[Stored items]
........

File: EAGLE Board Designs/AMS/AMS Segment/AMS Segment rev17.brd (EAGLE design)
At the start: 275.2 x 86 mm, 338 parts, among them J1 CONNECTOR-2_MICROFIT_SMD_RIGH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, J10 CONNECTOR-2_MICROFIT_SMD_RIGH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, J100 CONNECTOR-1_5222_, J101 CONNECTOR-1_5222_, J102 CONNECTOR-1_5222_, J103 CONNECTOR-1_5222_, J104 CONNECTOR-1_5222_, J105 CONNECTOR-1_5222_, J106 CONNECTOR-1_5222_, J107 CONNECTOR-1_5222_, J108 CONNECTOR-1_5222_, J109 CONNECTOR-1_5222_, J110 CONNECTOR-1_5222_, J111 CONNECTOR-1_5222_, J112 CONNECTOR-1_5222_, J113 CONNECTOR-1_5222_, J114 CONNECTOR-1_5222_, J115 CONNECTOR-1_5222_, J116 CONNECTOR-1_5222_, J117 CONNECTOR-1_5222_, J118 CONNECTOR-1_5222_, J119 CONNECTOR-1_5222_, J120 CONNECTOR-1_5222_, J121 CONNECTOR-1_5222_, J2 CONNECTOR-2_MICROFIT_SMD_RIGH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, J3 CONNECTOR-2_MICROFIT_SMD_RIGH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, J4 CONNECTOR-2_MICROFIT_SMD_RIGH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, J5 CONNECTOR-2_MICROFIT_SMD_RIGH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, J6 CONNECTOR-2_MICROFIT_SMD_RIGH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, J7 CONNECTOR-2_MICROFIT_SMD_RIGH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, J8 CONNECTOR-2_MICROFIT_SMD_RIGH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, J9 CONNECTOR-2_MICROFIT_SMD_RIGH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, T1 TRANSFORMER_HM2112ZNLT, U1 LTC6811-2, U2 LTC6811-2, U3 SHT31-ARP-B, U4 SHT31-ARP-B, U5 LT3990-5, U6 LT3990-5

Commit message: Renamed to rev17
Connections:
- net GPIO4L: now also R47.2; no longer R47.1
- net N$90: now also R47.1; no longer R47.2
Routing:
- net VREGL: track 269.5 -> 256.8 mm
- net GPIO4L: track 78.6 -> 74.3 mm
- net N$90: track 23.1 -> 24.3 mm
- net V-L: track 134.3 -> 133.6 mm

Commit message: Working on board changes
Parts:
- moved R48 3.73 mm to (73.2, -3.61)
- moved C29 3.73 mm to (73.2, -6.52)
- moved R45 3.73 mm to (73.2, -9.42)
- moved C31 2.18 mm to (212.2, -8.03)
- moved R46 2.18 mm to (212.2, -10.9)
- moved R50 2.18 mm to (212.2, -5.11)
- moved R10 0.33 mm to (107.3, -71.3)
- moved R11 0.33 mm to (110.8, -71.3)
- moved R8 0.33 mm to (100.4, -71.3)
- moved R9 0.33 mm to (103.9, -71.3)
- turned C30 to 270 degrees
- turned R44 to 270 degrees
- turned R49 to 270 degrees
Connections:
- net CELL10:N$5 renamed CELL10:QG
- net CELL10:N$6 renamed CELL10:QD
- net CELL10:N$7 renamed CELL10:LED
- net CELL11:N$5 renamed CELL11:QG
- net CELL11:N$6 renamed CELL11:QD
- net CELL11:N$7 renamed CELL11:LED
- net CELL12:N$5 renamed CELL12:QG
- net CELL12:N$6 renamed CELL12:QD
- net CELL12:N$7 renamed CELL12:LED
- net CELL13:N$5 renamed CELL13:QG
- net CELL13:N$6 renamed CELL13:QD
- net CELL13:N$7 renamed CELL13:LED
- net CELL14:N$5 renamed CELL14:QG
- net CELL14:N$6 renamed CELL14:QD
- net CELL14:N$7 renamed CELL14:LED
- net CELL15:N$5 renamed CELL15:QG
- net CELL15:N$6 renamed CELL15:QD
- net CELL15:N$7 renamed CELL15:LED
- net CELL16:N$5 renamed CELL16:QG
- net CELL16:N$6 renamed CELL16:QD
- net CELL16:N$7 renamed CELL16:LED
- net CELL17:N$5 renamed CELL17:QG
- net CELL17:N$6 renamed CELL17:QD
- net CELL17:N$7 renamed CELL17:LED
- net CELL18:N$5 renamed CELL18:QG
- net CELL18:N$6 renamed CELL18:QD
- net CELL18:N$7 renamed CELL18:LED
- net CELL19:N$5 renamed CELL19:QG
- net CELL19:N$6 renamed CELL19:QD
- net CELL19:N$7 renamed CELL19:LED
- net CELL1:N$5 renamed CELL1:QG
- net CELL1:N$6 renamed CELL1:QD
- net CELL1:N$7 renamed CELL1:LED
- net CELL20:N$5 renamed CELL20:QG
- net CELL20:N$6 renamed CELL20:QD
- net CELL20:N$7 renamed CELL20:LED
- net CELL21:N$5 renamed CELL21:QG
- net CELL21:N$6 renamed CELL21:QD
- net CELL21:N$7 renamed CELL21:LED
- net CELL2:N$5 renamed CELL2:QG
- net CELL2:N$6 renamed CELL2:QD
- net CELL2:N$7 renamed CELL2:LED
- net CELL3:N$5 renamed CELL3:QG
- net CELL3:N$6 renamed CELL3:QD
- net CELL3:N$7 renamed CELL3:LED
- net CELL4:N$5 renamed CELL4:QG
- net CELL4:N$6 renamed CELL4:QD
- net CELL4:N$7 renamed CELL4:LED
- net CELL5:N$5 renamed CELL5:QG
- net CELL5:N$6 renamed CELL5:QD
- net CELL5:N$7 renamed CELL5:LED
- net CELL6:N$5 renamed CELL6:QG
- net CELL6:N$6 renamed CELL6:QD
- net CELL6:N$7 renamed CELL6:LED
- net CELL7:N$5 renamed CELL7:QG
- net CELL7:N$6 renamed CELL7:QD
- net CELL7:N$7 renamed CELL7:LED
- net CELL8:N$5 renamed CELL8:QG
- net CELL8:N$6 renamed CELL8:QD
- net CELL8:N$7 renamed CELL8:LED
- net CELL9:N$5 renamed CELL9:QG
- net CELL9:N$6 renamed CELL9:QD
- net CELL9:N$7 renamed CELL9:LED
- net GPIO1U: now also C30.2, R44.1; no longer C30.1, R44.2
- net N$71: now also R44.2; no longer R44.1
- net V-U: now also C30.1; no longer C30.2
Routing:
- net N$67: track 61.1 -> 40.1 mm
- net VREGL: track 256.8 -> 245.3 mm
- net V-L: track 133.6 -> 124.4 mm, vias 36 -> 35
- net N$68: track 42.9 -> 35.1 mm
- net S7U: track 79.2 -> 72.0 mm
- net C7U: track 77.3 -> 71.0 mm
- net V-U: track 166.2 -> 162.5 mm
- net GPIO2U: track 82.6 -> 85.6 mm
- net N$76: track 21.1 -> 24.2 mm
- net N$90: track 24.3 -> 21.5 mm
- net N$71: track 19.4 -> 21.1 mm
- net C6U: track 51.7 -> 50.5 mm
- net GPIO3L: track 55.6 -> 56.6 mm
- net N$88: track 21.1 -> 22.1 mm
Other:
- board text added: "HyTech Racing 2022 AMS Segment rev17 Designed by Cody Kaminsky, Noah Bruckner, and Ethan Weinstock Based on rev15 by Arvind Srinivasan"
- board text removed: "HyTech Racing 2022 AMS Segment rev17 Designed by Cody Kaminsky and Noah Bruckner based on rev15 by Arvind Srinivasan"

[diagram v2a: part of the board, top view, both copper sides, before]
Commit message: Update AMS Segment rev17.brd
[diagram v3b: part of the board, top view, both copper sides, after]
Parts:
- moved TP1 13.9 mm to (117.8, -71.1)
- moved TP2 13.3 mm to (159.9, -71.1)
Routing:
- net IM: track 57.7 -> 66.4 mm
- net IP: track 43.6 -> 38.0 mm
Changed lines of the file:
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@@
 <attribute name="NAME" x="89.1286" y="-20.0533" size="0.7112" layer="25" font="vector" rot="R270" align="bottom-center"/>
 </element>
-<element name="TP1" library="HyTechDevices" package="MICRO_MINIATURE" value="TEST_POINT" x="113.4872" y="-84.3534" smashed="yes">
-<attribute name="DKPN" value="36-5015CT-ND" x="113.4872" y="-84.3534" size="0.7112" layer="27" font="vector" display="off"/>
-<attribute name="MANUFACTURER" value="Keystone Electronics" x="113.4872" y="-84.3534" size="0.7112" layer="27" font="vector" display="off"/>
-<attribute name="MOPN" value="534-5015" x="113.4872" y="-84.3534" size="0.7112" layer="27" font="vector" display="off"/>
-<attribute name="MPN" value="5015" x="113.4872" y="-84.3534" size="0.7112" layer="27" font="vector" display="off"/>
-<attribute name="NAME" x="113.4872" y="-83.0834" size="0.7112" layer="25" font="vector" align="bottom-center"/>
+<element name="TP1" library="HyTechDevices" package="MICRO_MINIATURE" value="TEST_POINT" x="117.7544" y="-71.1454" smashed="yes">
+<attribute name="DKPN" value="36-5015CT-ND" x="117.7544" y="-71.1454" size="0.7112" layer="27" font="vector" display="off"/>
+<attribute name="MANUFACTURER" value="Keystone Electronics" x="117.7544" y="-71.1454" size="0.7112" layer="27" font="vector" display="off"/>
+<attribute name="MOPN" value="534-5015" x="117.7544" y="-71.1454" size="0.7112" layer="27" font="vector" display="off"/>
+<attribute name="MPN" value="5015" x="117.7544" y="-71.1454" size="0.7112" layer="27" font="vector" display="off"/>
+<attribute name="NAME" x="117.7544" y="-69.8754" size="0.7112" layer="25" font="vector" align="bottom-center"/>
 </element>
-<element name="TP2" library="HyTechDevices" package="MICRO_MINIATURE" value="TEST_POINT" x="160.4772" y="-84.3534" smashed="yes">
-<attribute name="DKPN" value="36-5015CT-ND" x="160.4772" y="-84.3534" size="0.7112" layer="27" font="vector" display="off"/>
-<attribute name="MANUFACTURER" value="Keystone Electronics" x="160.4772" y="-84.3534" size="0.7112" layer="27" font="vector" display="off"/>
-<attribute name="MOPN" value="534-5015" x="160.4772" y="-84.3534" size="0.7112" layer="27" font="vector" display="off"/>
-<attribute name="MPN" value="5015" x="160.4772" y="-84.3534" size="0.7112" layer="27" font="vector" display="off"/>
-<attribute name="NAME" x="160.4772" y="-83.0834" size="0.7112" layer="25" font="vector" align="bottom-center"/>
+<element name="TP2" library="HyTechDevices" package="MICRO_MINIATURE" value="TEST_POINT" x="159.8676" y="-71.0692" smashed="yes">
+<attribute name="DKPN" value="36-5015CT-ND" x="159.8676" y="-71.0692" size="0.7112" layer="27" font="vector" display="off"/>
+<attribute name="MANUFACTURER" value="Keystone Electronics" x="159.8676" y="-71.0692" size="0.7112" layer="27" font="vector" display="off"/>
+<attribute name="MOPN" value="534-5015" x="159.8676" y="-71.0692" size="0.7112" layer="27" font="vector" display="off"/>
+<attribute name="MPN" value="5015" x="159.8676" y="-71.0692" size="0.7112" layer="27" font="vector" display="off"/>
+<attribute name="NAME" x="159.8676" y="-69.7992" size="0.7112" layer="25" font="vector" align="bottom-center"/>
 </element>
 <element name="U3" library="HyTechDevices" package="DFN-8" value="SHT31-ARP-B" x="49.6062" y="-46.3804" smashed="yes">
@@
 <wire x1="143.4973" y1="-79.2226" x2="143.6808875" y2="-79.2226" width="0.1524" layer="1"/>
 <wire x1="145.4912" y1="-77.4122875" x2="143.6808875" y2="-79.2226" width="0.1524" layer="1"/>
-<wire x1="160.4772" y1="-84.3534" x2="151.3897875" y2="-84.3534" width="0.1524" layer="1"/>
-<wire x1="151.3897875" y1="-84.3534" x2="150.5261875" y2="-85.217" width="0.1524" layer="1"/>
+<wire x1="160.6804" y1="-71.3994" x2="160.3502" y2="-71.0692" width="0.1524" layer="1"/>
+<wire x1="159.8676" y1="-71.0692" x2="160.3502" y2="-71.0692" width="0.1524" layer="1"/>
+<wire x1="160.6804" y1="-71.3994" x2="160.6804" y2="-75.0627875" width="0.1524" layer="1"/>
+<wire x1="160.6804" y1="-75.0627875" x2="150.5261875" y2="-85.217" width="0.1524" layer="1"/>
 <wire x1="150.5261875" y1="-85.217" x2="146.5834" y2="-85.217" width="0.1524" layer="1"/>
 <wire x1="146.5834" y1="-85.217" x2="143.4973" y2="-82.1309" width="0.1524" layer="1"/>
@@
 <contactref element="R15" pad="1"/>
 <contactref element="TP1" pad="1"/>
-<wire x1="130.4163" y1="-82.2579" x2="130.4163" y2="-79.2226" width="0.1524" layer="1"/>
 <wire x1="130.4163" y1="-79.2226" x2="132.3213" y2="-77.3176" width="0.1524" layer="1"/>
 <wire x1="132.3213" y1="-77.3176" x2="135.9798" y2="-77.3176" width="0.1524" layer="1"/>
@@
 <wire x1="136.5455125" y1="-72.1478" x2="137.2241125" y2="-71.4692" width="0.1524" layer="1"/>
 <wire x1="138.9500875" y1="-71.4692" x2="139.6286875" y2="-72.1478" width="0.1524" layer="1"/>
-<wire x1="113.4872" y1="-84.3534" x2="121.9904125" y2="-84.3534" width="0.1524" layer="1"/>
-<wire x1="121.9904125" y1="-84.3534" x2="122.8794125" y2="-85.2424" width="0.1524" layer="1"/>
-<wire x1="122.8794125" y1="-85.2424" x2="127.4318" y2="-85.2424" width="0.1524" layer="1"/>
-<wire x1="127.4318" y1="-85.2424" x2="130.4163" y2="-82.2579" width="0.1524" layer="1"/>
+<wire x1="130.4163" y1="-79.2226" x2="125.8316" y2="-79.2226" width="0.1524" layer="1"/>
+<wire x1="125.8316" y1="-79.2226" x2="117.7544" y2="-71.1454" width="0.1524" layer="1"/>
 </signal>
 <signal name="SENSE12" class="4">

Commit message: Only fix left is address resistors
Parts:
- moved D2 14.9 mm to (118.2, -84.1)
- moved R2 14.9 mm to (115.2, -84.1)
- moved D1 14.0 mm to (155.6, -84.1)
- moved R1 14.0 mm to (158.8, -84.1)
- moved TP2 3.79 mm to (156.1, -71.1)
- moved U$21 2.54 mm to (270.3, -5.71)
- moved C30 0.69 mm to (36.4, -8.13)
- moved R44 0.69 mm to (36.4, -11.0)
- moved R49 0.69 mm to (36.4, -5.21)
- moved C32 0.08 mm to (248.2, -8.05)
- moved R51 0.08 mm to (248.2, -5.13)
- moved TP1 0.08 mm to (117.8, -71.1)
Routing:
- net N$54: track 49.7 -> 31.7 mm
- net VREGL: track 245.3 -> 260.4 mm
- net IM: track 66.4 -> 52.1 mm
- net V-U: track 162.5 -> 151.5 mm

........

- [TASK PROMPT] Wherever a line above contains the string "smashed", copy that line.

- [SOLUTION FOR THIS EXERCISE]
-<element name="TP1" library="HyTechDevices" package="MICRO_MINIATURE" value="TEST_POINT" x="113.4872" y="-84.3534" smashed="yes">
+<element name="TP1" library="HyTechDevices" package="MICRO_MINIATURE" value="TEST_POINT" x="117.7544" y="-71.1454" smashed="yes">
-<element name="TP2" library="HyTechDevices" package="MICRO_MINIATURE" value="TEST_POINT" x="160.4772" y="-84.3534" smashed="yes">
+<element name="TP2" library="HyTechDevices" package="MICRO_MINIATURE" value="TEST_POINT" x="159.8676" y="-71.0692" smashed="yes">
 <element name="U3" library="HyTechDevices" package="DFN-8" value="SHT31-ARP-B" x="49.6062" y="-46.3804" smashed="yes">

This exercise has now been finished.